Would-be first time buyers, frozen out of the housing market by cash-strapped lenders demanding 20 per cent or even 25 per cent deposits, are being offered pre-credit crunch style 90 per cent loan to value (LTV) mortgages again. But they might do better to wait for further falls in house prices, as data from the Bank of England, Nationwide Building Society and elsewhere suggest continued weakness in the property market ahead of Government spending cuts.

Only 47,185 mortgages were approved last month, compared to a typical total of nearer 80,000 in a stable market, according to Bank of England figures published this week. Property information website Hometrack, which had reported house price increases in 2.3 per cent of postcodes as recently as September, now says prices increased in only 0.1 per cent of postcodes – or one in a thousand. The number of new buyers registered as seeking properties shrank by 2 per cent in October and fell by another 4.3 per cent in November.
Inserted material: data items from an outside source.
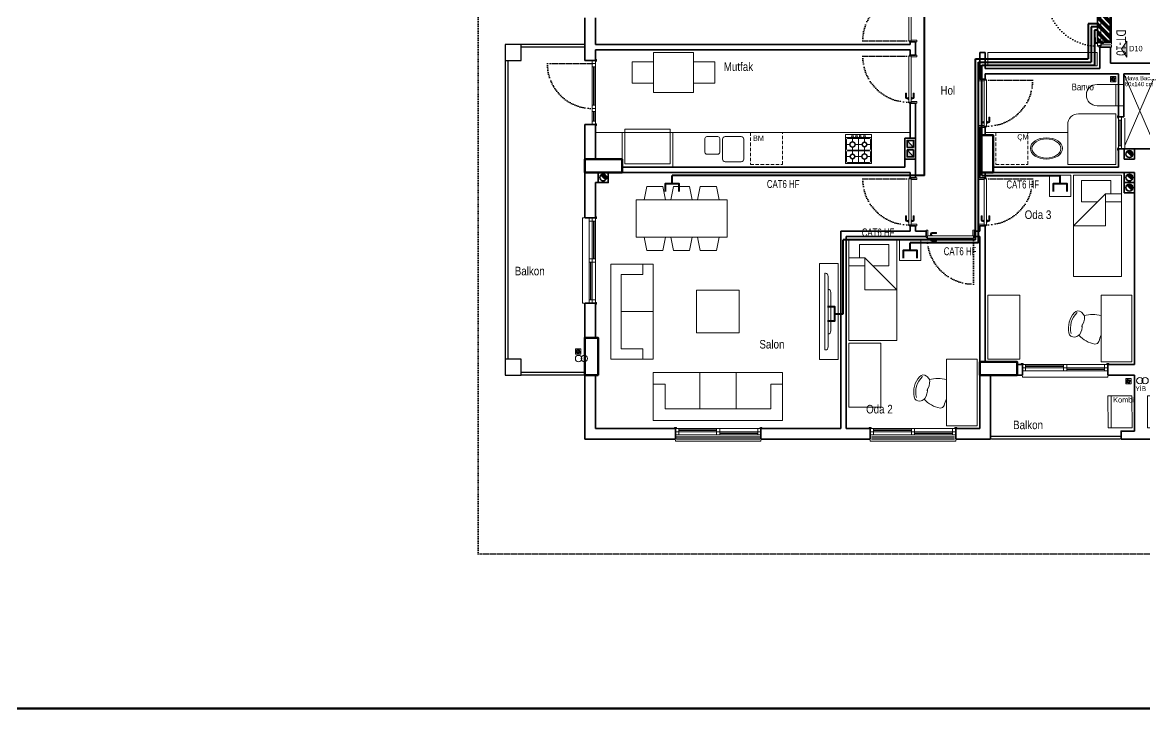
# Model space of a CAD drawing. Header units: millimetres. Extents: x 1852829 to 1882754, y -270850 to -231658.
# Drawn here: x 1863869 to 1865972, y -259851 to -258565 of the extents above; entities that cross this region are included whole.
import ezdxf
from ezdxf.enums import TextEntityAlignment as Align

# ---------------------------------------------------------------- set-up
doc = ezdxf.new("R2010")
doc.units = ezdxf.units.MM
for name, pattern in [('CONTINOUS', [0]), ('CONTINU', [0]), ('DOT', [0.25, 0, -0.25]), ('izdüşüm arka', [3.175, 0, -3.175]), ('izdüşüm ön', [9.525, 6.35, -3.175])]:
    doc.linetypes.add(name, pattern=pattern)
for name, color, linetype, lineweight in [('a_ba', 6, 'Continuous', 50), ('a_doğrama', 251, 'Continuous', 20), ('a_duvar', 251, 'Continuous', 35), ('a_görünüş', 32, 'Continuous', 25), ('a_görünüş_ince', 8, 'Continuous', 20), ('a_izdüşüm_arka', 251, 'izdüşüm arka', 30), ('a_izdüşüm_ön', 6, 'izdüşüm ön', 9), ('a_not_mahal', 253, 'Continuous', 5), ('a_not_misc', 144, 'Continuous', 5), ('a_not_text', 7, 'Continuous', 13), ('a_tefriş', 8, 'Continuous', 20), ('a_çerçeve_line', 7, 'Continuous', 50), ('Aydınlatma', 4, 'CONTINOUS', 35), ('m_yib', 65, 'Continuous', 20), ('Priz', 6, 'CONTINOUS', 40), ('Telefon', 2, 'CONTINOUS', 40)]:
    doc.layers.add(name, color=color, linetype=linetype, lineweight=lineweight)
doc.styles.add('Grupcad', font='arial.ttf', dxfattribs={"width": 0.7})
doc.styles.add('ROMANTUR', font='arial.ttf', dxfattribs={"width": 0.7})
doc.styles.get("Standard").update_dxf_attribs({"font": 'ARIALN.TTF'})

# ---------------------------------------------------------------- blocks, each defined once
blk = doc.blocks.new('M1')
at = {"layer": 'a_doğrama', "linetype": 'Continuous'}
for p, q in [((-24, 6), (-30, 6)), ((-30, 0), (-30, 6)), ((-24, 0), (-30, 0)), ((-24, 0), (-24, 6)), ((30, 6), (24, 6)), ((24, 6), (24, 0)), ((30, 0), (30, 6)), ((30, 0), (24, 0))]:
    blk.add_line(p, q, dxfattribs=at)
at = {"layer": 'a_doğrama'}
for p, q in [((24, 3.5), (-24, 3.5)), ((24, 2.5), (-24, 2.5))]:
    blk.add_line(p, q, dxfattribs=at)
for points in [[(-28, -1), (-28, 0), (-32, 0), (-32, -2), (-29, -2)], [(28, -1), (28, 0), (32, 0), (32, -2), (29, -2)]]:
    blk.add_lwpolyline(points, close=True, dxfattribs=at)
at = {"layer": 'a_görünüş_ince'}
for p, q in [((24, 6), (-24, 6)), ((-24, 0), (24, 0))]:
    blk.add_line(p, q, dxfattribs=at)
blk = doc.blocks.new('K1')
at = {"layer": 'a_doğrama', "color": 251}
for points in [[(-17.5, -2.5), (-22, -2.5), (-22, 0), (2, 0), (2, -4), (-17.5, -4), (-17.5, -2.5)], [(-27.5, -93.1), (-25, -93.1)], [(-17.5, -97.5), (-22, -97.5), (-22, -100), (2, -100), (2, -96), (-17.5, -96), (-17.5, -97.5)], [(-14.5, -93.1), (-17, -93.1)]]:
    blk.add_lwpolyline(points, dxfattribs=at)
blk.add_lwpolyline([(-18, -14), (-18, -4), (-18, -3), (-22.5, -3), (-22.5, -2.5), (-22.5, -2), (-24, -2), (-24, -2.5), (-24, -12.5), (-24, -88), (-24, -97.5), (-24, -98), (-22.5, -98), (-22.5, -97.5), (-22.5, -97), (-18, -97), (-18, -96), (-18, -86.5)], close=True, dxfattribs=at)
for points in [[(-25, -91.1), (-27.5, -91.1, -0.414214), (-28, -90.6), (-28, -82.1), (-30, -82.1), (-30, -90.6)], [(-17, -91.1), (-14.5, -91.1, 0.414214), (-14, -90.6), (-14, -82.1), (-12, -82.1), (-12, -90.6)], [(-24, -94.1), (-24.5, -94.1, -0.414214), (-25, -93.6), (-25, -90.6, -0.414214), (-24.5, -90.1), (-24, -90.1)], [(-18, -94.1), (-17.5, -94.1, 0.414214), (-17, -93.6), (-17, -90.6, 0.414214), (-17.5, -90.1), (-18, -90.1)]]:
    blk.add_lwpolyline(points, format="xyb", dxfattribs=at)
for centre, start, end in [((-27.5, -90.6), 180, 270), ((-14.5, -90.6), 270, 0)]:
    blk.add_arc(centre, 2.5, start, end, dxfattribs=at)
at = {"layer": 'a_görünüş_ince', "color": 251}
blk.add_line((2, -6), (2, -94), dxfattribs=at)
at = {"layer": 'a_izdüşüm_arka', "color": 251, "linetype": 'DOT', "ltscale": 20}
blk.add_line((-24, -2), (-120, -2), dxfattribs=at)
blk.add_arc((-24, -2), 96, 180, 270, dxfattribs=at)
blk = doc.blocks.new('K2')
at = {"layer": 'a_doğrama', "color": 251, "linetype": 'Continuous'}
for p, q in [((-13, 88.1), (-13, 1.9)), ((-13, 88.1), (-8.5, 88.1)), ((-12, 90), (-12, 88.1)), ((-12, 90), (-10, 90)), ((-8.5, 88.1), (-8.5, 1.9)), ((-13, 1.9), (-8.5, 1.9)), ((-12, 0), (-12, 1.9)), ((-12, 0), (-10, 0))]:
    blk.add_line(p, q, dxfattribs=at)
for points in [[(0, 90), (2, 90), (2, 87), (-8.5, 87)], [(0, 0), (2, 0), (2, 3), (-8.5, 3)]]:
    blk.add_lwpolyline(points, dxfattribs=at)
at = {"layer": 'a_doğrama', "color": 251}
for points in [[(-14, 80.1), (-16.5, 80.1, 0.414214), (-17, 79.6), (-17, 71.1), (-19, 71.1), (-19, 79.6)], [(-13, 83.1), (-13.5, 83.1, 0.414214), (-14, 82.6), (-14, 79.6, 0.414214), (-13.5, 79.1), (-13, 79.1)], [(-8.5, 83.1), (-8, 83.1, -0.414214), (-7.5, 82.6), (-7.5, 79.6, -0.414214), (-8, 79.1), (-8.5, 79.1)], [(-7.5, 80.1), (-5, 80.1, -0.414214), (-4.5, 79.6), (-4.5, 71.1), (-2.5, 71.1), (-2.5, 79.6)]]:
    blk.add_lwpolyline(points, format="xyb", dxfattribs=at)
for points in [[(-16.5, 82.1), (-14, 82.1)], [(-5, 82.1), (-7.5, 82.1)]]:
    blk.add_lwpolyline(points, dxfattribs=at)
for centre, start, end in [((-16.5, 79.6), 90, 180), ((-5, 79.6), 0, 90)]:
    blk.add_arc(centre, 2.5, start, end, dxfattribs=at)
at = {"layer": 'a_izdüşüm_arka', "color": 251}
blk.add_lwpolyline([(-99.2, 1.9), (-13, 1.9)], dxfattribs=at)
blk.add_arc((-13, 1.9), 86.2, 90, 180, dxfattribs=at)
blk = doc.blocks.new('klozet')
at = {"layer": 'a_tefriş'}
blk.add_line((20, 0), (-20, 0), dxfattribs=at)
for points in [[(-20, 0), (-20, -15), (20, -15), (20, 0)], [(-20, -50), (-20, -15)], [(20, -50), (20, -15)]]:
    blk.add_lwpolyline(points, dxfattribs=at)
blk.add_arc((0, -50), 20, 180, 360, dxfattribs=at)
blk = doc.blocks.new('kapı_120_c_blok')
at = {"layer": 'a_doğrama', "color": 251}
for points in [[(-2, 119), (-2, 122), (0, 122), (0, 118), (-1, 118), (-2, 119)], [(2.5, 114), (2.5, 96)], [(3.5, 114), (3.5, 96)], [(2.5, 84), (2.5, 12)], [(3.5, 84), (3.5, 12)], [(-2, 1), (-2, -2), (0, -2), (0, 2), (-1, 2), (-2, 1)]]:
    blk.add_lwpolyline(points, dxfattribs=at)
for points in [[(0, 114), (6, 114), (6, 120), (0, 120)], [(0, 90), (6, 90), (6, 96), (0, 96)], [(0, 84), (6, 84), (6, 90), (0, 90)], [(0, 6), (6, 6), (6, 12), (0, 12)], [(0, 0), (6, 0), (6, 6), (0, 6)]]:
    blk.add_lwpolyline(points, close=True, dxfattribs=at)
at = {"layer": 'a_görünüş_ince', "color": 251}
for points in [[(0, 114), (0, 96)], [(6, 114), (6, 96)], [(0, 84), (0, 12)], [(6, 84), (6, 12)]]:
    blk.add_lwpolyline(points, dxfattribs=at)
at = {"layer": 'a_izdüşüm_arka', "color": 251}
blk.add_lwpolyline([(6, 6), (90, 6)], dxfattribs=at)
blk.add_arc((6, 6), 84, 0, 90, dxfattribs=at)
blk = doc.blocks.new('160p')
at = {"layer": 'a_doğrama', "color": 251}
for points in [[(-6, -6), (-6, 0), (-12, 0), (-12, -6)], [(0, -6), (0, 0), (-6, 0), (-6, -6)], [(-6, -83), (-6, -77), (-12, -77), (-12, -83)], [(0, -83), (0, -77), (-6, -77), (-6, -83)], [(-6, -160), (-6, -154), (-12, -154), (-12, -160)], [(0, -160), (0, -154), (-6, -154), (-6, -160)]]:
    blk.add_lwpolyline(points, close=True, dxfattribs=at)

Even so, lenders claim there is real demand for 90 per cent mortgages; not just from would-be first time buyers but also existing homebuyers whose fixed term loans have expired and now seek to remortgage. Unfortunately, borrowers who can only provide 10 per cent deposits are regarded as a bad risk by increasingly nervous regulators, who impose daunting capital adequacy requirements on lenders, pushing up the price of high LTV mortgages.

For example, on LTVs of 90 per cent, Skipton Building Society is offering a three-year fixed rate at 5.68 per cent and a five-year fixed rate is 5.78 per cent. By contrast, borrowers who can produce a 35 per cent deposit – or show that much equity in their property – could fix for three years at 3.38 per cent or, with a 25 per cent deposit or equity, fix for five years at 4.08 per cent. All these deals are available for new mortgages and remortgages at an arrangment fee of £995. Ray Boulger of John Charcol said: “It is too early to take this as a sign that the mortgage famine is easing and we haven’t seen any other lenders returning recently to the 90 per cent LTV market. Even with Skipton’s new rates, the premium one now has to pay to borrow at LTVs above 75 per cent looks very high compared to before the credit crunch.

“I don’t expect the current differentials to reduce significantly for at least a couple of years. The main reason for the much larger differential between the rates offered for low and high LTV mortgages is not, as most people think, the credit crunch but the impact of Basle 2 regulatory rules.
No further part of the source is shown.